**Task brief:** All pictures are to be skipped; retype only the lines from the top of the entries through the line with "#42=DIRECTION('',(0.,2.556888703492E-13,1.));", both included.

(Stored dataset items)
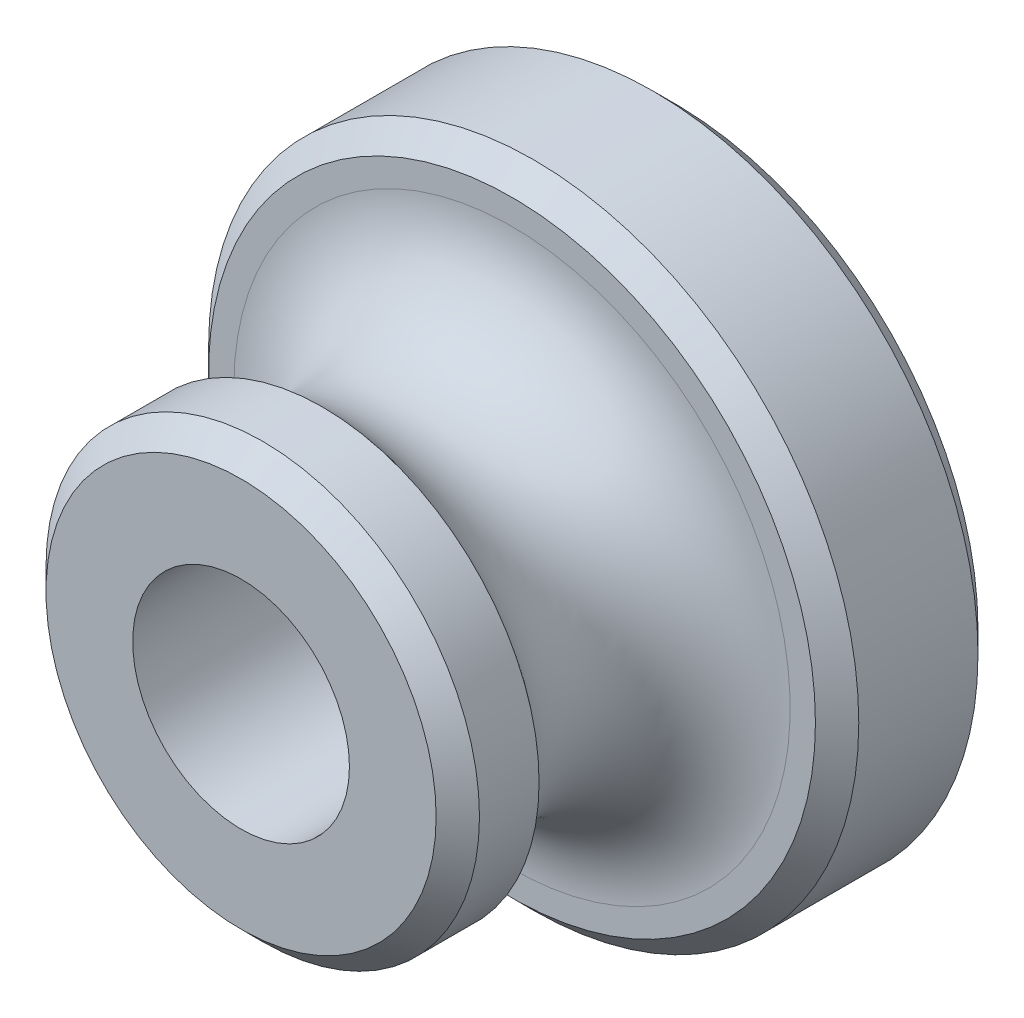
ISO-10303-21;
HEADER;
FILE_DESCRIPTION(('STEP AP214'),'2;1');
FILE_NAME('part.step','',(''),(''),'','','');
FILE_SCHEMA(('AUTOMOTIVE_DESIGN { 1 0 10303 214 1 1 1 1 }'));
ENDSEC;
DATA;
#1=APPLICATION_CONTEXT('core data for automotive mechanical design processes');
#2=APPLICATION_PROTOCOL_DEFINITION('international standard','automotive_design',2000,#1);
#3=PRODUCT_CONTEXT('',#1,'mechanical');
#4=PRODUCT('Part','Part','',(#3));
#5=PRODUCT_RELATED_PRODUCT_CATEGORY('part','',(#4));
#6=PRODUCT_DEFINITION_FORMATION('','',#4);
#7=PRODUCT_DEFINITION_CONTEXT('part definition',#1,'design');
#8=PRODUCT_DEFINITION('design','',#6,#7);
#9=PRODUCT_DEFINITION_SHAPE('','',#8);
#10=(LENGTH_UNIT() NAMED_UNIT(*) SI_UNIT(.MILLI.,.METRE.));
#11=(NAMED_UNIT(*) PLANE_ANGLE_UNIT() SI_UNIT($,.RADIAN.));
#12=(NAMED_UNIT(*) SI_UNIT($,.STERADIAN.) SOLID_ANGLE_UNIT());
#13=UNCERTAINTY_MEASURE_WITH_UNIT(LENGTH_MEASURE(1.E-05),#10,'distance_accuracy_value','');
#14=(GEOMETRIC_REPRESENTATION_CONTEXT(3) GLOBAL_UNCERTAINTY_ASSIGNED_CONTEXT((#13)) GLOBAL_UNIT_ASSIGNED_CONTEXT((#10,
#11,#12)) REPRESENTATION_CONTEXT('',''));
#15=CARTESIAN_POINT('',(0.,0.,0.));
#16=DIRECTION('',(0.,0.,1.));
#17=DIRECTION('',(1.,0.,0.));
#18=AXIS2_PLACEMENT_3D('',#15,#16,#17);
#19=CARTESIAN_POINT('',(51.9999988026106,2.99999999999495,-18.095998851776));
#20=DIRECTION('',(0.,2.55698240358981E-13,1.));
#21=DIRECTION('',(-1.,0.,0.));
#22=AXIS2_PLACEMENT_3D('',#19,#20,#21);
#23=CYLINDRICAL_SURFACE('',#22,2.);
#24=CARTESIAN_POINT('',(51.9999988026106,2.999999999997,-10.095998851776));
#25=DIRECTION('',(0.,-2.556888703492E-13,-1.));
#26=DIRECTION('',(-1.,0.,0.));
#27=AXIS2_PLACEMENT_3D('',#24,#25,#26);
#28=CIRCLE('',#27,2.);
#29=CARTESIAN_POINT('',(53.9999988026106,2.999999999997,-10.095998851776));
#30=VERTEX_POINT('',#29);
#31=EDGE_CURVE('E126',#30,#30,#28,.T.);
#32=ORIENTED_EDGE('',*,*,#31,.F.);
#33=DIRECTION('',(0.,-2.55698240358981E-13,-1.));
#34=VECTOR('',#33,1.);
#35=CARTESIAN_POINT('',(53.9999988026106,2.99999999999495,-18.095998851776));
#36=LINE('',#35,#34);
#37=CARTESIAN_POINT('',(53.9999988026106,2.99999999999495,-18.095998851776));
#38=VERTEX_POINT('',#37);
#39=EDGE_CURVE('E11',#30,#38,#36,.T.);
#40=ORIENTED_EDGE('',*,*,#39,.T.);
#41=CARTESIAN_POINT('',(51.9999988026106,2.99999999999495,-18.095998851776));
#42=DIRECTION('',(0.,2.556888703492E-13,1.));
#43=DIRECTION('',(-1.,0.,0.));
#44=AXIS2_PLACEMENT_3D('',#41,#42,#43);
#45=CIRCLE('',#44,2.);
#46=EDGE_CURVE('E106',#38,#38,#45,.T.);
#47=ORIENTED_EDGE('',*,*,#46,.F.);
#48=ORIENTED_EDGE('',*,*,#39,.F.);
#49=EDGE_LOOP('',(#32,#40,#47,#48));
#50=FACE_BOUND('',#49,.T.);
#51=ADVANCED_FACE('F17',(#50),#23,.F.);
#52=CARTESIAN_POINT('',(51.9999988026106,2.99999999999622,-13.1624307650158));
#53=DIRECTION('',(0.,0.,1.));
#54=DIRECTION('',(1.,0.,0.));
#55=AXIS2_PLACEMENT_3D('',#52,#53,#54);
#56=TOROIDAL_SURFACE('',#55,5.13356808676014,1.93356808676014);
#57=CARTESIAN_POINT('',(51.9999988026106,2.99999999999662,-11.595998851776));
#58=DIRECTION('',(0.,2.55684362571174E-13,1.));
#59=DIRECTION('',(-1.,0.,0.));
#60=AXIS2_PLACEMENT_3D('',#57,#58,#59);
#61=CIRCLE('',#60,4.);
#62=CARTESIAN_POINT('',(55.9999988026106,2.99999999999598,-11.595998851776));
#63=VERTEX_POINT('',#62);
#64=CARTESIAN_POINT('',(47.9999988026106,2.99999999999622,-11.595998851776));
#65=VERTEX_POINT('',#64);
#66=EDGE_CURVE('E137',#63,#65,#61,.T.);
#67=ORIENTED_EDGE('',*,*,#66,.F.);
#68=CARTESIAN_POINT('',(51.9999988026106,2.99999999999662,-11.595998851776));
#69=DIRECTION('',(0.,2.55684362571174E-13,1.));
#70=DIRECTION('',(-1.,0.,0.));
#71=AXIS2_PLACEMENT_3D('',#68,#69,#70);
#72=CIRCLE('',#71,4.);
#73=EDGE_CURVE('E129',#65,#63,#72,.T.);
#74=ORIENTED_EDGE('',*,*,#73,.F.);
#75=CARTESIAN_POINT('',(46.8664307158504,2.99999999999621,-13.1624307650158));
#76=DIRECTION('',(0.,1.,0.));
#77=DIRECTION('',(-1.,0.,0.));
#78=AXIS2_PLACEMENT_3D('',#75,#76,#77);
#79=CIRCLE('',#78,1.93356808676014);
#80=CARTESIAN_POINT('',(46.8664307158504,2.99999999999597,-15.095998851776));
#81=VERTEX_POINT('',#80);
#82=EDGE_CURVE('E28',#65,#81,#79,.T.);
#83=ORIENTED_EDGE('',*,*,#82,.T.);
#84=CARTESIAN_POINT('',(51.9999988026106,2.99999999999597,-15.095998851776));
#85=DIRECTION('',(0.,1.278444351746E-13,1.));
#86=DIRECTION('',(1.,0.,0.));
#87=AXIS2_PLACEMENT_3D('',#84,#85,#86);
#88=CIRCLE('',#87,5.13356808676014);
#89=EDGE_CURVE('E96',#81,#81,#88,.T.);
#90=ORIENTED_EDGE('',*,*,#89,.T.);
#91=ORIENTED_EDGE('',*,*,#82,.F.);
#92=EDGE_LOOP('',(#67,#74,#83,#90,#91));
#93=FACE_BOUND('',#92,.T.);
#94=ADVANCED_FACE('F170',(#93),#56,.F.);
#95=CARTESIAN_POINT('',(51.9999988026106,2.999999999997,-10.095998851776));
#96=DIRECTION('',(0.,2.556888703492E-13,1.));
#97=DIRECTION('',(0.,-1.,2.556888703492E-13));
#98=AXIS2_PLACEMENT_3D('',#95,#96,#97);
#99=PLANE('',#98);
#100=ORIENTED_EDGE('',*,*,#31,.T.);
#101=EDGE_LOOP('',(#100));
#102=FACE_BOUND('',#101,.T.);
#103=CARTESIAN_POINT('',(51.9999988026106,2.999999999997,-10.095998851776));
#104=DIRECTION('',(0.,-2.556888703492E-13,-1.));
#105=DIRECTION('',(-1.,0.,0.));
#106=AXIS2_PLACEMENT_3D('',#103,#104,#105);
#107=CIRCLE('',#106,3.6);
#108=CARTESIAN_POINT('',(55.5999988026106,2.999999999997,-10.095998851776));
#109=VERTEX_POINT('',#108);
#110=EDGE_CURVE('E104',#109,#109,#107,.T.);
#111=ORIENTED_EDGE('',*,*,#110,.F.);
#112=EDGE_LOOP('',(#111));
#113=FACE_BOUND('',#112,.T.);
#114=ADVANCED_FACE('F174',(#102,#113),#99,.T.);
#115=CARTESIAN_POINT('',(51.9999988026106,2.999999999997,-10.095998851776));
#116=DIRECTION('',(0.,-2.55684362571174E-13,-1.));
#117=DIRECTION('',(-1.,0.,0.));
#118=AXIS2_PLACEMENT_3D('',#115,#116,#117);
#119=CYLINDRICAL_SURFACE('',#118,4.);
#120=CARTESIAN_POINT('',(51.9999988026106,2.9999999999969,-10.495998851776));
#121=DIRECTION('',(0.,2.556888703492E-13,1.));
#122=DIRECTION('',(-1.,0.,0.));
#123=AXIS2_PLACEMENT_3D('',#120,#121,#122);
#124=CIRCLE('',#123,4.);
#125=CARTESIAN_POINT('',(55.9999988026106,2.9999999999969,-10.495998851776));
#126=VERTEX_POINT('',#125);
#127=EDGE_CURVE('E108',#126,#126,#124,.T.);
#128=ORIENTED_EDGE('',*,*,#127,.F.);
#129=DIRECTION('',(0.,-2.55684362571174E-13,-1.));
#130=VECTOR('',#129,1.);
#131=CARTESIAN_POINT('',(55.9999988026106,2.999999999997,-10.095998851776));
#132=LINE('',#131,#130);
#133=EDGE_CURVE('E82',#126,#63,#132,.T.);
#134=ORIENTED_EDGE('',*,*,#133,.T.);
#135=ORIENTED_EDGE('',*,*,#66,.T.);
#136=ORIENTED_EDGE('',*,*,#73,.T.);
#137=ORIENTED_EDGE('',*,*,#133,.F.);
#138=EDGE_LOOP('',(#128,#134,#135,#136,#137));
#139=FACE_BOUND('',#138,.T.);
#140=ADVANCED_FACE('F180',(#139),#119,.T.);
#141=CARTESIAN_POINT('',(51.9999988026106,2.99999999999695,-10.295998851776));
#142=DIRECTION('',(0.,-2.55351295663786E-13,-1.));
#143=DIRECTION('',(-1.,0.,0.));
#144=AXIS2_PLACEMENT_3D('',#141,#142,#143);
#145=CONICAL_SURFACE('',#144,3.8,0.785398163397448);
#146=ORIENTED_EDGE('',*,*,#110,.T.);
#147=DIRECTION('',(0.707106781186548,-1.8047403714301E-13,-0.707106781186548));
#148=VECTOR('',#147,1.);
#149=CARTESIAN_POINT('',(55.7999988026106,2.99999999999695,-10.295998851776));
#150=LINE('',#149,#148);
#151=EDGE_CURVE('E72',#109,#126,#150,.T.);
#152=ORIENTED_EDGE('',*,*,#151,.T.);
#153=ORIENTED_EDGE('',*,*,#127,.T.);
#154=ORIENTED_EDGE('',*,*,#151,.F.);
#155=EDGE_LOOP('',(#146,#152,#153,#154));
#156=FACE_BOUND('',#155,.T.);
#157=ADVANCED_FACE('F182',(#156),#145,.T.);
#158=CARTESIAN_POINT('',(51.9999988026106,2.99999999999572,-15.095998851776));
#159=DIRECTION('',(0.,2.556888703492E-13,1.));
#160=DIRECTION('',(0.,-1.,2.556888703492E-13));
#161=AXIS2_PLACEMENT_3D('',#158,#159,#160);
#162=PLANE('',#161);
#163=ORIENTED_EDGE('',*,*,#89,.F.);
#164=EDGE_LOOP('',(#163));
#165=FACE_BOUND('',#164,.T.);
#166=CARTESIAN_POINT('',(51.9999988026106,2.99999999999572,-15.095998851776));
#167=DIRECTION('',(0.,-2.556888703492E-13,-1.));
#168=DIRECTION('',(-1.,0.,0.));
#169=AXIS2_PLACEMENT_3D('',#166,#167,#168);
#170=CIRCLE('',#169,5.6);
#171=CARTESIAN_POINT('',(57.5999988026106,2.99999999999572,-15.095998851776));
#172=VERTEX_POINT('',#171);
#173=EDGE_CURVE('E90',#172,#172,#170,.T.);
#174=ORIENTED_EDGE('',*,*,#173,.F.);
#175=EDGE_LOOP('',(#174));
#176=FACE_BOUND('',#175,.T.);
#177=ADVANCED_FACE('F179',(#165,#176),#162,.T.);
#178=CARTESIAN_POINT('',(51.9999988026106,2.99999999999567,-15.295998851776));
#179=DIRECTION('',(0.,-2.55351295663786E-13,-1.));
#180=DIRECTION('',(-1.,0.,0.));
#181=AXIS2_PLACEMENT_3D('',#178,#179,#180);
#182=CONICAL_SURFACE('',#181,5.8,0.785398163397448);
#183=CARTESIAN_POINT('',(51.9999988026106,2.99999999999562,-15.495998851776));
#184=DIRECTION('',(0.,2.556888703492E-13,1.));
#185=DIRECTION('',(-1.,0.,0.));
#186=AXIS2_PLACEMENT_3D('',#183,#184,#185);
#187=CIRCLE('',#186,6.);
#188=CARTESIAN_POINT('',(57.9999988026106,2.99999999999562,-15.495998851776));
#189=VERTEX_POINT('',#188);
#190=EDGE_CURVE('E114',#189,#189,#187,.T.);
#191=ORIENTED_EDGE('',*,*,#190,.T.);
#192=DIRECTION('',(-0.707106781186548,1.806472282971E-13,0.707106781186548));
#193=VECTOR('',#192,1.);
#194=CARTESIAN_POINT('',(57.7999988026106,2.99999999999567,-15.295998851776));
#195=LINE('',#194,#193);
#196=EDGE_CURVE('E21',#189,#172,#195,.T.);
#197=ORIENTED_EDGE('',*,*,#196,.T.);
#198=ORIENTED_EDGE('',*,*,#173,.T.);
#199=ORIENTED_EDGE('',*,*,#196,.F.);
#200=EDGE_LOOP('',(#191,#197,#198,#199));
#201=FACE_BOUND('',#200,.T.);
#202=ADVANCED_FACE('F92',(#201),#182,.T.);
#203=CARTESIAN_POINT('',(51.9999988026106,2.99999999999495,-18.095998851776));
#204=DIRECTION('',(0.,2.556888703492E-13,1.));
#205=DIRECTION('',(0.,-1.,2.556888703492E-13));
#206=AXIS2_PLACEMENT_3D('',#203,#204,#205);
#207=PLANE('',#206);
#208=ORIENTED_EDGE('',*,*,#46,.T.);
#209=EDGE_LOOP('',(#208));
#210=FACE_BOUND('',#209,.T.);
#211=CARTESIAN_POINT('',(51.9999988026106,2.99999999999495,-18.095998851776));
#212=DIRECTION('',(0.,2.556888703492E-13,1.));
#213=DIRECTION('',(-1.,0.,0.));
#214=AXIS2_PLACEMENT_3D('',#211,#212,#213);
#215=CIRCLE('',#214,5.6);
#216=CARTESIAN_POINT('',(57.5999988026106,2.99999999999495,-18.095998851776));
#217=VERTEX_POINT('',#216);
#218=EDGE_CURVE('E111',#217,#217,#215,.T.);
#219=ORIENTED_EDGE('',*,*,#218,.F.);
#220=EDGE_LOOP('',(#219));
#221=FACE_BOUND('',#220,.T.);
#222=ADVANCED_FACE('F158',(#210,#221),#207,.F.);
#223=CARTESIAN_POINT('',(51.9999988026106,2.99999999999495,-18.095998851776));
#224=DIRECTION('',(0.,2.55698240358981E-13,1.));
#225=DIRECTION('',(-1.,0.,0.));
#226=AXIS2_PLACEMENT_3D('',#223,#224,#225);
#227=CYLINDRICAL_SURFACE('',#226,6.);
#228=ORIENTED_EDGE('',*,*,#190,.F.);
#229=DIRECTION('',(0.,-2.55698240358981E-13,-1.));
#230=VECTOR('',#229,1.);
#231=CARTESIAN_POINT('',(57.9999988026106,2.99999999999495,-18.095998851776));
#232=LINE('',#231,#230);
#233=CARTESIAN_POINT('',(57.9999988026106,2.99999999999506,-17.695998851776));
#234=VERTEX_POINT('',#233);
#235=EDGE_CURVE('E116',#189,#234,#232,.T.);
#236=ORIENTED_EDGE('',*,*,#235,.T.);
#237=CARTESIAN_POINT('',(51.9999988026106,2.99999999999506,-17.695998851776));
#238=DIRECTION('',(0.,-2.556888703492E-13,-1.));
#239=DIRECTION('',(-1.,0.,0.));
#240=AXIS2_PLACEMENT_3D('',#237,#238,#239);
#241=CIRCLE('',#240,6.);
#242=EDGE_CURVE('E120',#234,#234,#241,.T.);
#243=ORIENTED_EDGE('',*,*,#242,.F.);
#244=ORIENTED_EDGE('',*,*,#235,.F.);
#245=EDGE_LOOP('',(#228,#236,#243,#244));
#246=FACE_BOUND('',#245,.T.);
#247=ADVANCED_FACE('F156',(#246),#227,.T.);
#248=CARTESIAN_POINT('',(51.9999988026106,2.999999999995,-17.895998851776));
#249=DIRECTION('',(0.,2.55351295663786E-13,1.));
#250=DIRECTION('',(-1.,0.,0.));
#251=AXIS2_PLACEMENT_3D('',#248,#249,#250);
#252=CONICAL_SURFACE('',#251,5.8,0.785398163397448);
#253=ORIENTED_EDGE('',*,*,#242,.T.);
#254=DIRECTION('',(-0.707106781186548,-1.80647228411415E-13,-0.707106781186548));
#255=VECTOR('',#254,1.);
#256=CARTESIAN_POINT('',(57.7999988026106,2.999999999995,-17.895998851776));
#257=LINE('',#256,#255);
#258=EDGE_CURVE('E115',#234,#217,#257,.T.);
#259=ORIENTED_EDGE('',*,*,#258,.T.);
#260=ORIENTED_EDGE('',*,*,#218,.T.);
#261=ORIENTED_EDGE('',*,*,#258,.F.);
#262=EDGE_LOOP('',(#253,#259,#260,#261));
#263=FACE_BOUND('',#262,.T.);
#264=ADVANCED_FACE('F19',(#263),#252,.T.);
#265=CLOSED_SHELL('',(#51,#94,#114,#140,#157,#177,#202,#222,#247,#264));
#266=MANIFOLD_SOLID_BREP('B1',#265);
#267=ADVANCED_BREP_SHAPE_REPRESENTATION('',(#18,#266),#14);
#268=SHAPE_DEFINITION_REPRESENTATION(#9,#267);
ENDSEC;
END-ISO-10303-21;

**Exercise answer:**
ISO-10303-21;
HEADER;
FILE_DESCRIPTION(('STEP AP214'),'2;1');
FILE_NAME('part.step','',(''),(''),'','','');
FILE_SCHEMA(('AUTOMOTIVE_DESIGN { 1 0 10303 214 1 1 1 1 }'));
ENDSEC;
DATA;
#1=APPLICATION_CONTEXT('core data for automotive mechanical design processes');
#2=APPLICATION_PROTOCOL_DEFINITION('international standard','automotive_design',2000,#1);
#3=PRODUCT_CONTEXT('',#1,'mechanical');
#4=PRODUCT('Part','Part','',(#3));
#5=PRODUCT_RELATED_PRODUCT_CATEGORY('part','',(#4));
#6=PRODUCT_DEFINITION_FORMATION('','',#4);
#7=PRODUCT_DEFINITION_CONTEXT('part definition',#1,'design');
#8=PRODUCT_DEFINITION('design','',#6,#7);
#9=PRODUCT_DEFINITION_SHAPE('','',#8);
#10=(LENGTH_UNIT() NAMED_UNIT(*) SI_UNIT(.MILLI.,.METRE.));
#11=(NAMED_UNIT(*) PLANE_ANGLE_UNIT() SI_UNIT($,.RADIAN.));
#12=(NAMED_UNIT(*) SI_UNIT($,.STERADIAN.) SOLID_ANGLE_UNIT());
#13=UNCERTAINTY_MEASURE_WITH_UNIT(LENGTH_MEASURE(1.E-05),#10,'distance_accuracy_value','');
#14=(GEOMETRIC_REPRESENTATION_CONTEXT(3) GLOBAL_UNCERTAINTY_ASSIGNED_CONTEXT((#13)) GLOBAL_UNIT_ASSIGNED_CONTEXT((#10,
#11,#12)) REPRESENTATION_CONTEXT('',''));
#15=CARTESIAN_POINT('',(0.,0.,0.));
#16=DIRECTION('',(0.,0.,1.));
#17=DIRECTION('',(1.,0.,0.));
#18=AXIS2_PLACEMENT_3D('',#15,#16,#17);
#19=CARTESIAN_POINT('',(51.9999988026106,2.99999999999495,-18.095998851776));
#20=DIRECTION('',(0.,2.55698240358981E-13,1.));
#21=DIRECTION('',(-1.,0.,0.));
#22=AXIS2_PLACEMENT_3D('',#19,#20,#21);
#23=CYLINDRICAL_SURFACE('',#22,2.);
#24=CARTESIAN_POINT('',(51.9999988026106,2.999999999997,-10.095998851776));
#25=DIRECTION('',(0.,-2.556888703492E-13,-1.));
#26=DIRECTION('',(-1.,0.,0.));
#27=AXIS2_PLACEMENT_3D('',#24,#25,#26);
#28=CIRCLE('',#27,2.);
#29=CARTESIAN_POINT('',(53.9999988026106,2.999999999997,-10.095998851776));
#30=VERTEX_POINT('',#29);
#31=EDGE_CURVE('E126',#30,#30,#28,.T.);
#32=ORIENTED_EDGE('',*,*,#31,.F.);
#33=DIRECTION('',(0.,-2.55698240358981E-13,-1.));
#34=VECTOR('',#33,1.);
#35=CARTESIAN_POINT('',(53.9999988026106,2.99999999999495,-18.095998851776));
#36=LINE('',#35,#34);
#37=CARTESIAN_POINT('',(53.9999988026106,2.99999999999495,-18.095998851776));
#38=VERTEX_POINT('',#37);
#39=EDGE_CURVE('E11',#30,#38,#36,.T.);
#40=ORIENTED_EDGE('',*,*,#39,.T.);
#41=CARTESIAN_POINT('',(51.9999988026106,2.99999999999495,-18.095998851776));
#42=DIRECTION('',(0.,2.556888703492E-13,1.));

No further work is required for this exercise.